Tuesday, February 26, 2008

I'm so biased

toward straight photography that here I find myself needing good examples of artists who work with photoshop/manipulation to add layers of image & meaning, but I'm drawing a blank. All I can think of right now is Stephen Marc, Jason Salavon, and Chris Jordan's newer work. Come on, help me out... this is for class tonight.

Speaking of Chris Jordan, have you seen this?




update: thanks already for the tips... these are great. of course, how could i forget gursky & jeff wall? two more whose work i can think of, but i'm drawing a blank on: the guy from chicago who strips the text from the world (i'll look through brian's links). the other is the guy with the new england prep school summer camp orgy scenes. hmmm... my description is lacking, but if you've seen it, you know what i mean. oh, and i just remembered two that i do love to show: kelli connell and peter freitag's "examples for communication."

11 comments:

Star Rosencrans said...

Considering the examples you pointed out, these might not be the direction you want to take it, but there's always Jeff Wall and Charlie White.

Joerg said...

Andreas Gursky.

Anonymous said...

Damnit, they beat me to it. well, besides Wall and Gursky, there's also Miwa Yanagi, who started off doing straight Cindy Sherman-esque photos and has now moved on to something entirely different...

Anonymous said...

Don't you dare foist Chris Jordan on young impressionable minds!

Jeff Wall was a good suggestion from starlen. What about Loretta Lux or Beate Gütschow?

Any reason to limit to Photoshop manipulation? If not, how about John Heartfield?

Brian said...

I've been thinking about posting about this very topic, but as I'm also pretty biased toward straight photography, I haven't quite gotten around to it. Anyway, here are a couple projects that I've run across recently:

Curtis Mann's Scrapings and Combustions. Unfortunately, I couldn't find the project on his site, but I had some samples on my blog a few months ago.

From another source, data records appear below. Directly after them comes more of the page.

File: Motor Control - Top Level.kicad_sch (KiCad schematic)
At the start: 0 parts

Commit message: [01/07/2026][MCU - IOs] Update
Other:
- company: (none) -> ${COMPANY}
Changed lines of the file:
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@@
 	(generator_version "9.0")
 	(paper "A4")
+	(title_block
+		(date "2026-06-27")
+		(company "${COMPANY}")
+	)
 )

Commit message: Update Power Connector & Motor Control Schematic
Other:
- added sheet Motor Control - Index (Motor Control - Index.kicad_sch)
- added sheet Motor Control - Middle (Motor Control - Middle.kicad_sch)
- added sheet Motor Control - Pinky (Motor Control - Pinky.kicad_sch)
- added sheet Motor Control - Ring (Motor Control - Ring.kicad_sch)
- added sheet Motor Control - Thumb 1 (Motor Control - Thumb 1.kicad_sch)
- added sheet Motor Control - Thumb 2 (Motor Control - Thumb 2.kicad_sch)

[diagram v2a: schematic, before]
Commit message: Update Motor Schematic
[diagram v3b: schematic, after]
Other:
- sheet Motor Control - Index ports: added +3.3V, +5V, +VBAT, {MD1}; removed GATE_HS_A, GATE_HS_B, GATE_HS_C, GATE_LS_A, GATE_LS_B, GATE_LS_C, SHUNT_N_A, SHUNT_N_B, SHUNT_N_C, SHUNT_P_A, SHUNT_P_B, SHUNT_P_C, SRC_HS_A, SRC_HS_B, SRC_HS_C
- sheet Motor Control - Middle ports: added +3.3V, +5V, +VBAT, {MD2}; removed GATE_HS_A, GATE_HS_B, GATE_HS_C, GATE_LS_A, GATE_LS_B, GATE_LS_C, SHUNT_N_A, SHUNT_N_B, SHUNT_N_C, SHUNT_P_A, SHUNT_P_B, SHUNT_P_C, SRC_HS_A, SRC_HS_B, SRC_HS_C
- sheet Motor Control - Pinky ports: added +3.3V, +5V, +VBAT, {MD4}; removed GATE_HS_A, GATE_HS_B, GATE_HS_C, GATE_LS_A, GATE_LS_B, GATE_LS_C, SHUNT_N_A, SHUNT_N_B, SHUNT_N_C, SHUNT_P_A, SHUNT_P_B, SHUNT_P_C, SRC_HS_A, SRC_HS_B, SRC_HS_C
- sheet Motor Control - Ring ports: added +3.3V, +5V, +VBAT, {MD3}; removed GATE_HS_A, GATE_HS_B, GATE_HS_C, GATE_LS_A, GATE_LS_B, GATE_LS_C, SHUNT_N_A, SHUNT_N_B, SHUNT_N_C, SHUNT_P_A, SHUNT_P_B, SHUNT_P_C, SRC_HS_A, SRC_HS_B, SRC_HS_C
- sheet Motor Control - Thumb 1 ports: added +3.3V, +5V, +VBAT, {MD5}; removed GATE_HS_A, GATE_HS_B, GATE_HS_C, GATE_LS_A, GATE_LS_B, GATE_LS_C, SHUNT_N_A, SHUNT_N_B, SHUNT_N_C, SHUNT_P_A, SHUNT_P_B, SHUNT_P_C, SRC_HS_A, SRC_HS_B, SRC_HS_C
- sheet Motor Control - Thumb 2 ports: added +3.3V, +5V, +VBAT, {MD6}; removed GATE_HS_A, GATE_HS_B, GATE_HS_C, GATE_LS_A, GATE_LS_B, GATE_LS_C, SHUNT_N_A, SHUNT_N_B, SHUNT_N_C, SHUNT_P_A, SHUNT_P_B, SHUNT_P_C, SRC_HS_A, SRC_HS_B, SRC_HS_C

http://brianwiddis.blogspot.com/2007/09/scrapings-and-combustions.html

And Lens Culture had a recent feature on Ludmila Steckelberg's project "The Absence of Colors".

http://www.lensculture.com/webloglc/mt_files/archives/2007/12/removing-the-dead-from-photos.html

I like both of these because they are print/object based and also because their power lies in subtracting elements rather than adding or compositing.

Brian said...
This comment has been removed by the author.
Anonymous said...

Matt Siber & Anthony Goicolea are perhaps the artists you were thinking of.

shawn said...

oh yes, you got 'em both. thanks.

Blake Andrews said...

I like the current show at Blue Sky by Joseph Vitone. Single moments stitched together into multi-moment panoramics.

Doug Rickard said...

Jill Greenberg - Loretta Lux...

Anonymous said...

this is probably late, but desiree dolron is a good example of both approaches in a single photographer: the documentary straight one (i recommend her cuba series); and a more fine artsy one as in the mysterious series called x-teriors (where she recreates vermeer's light by means of digital manipulation).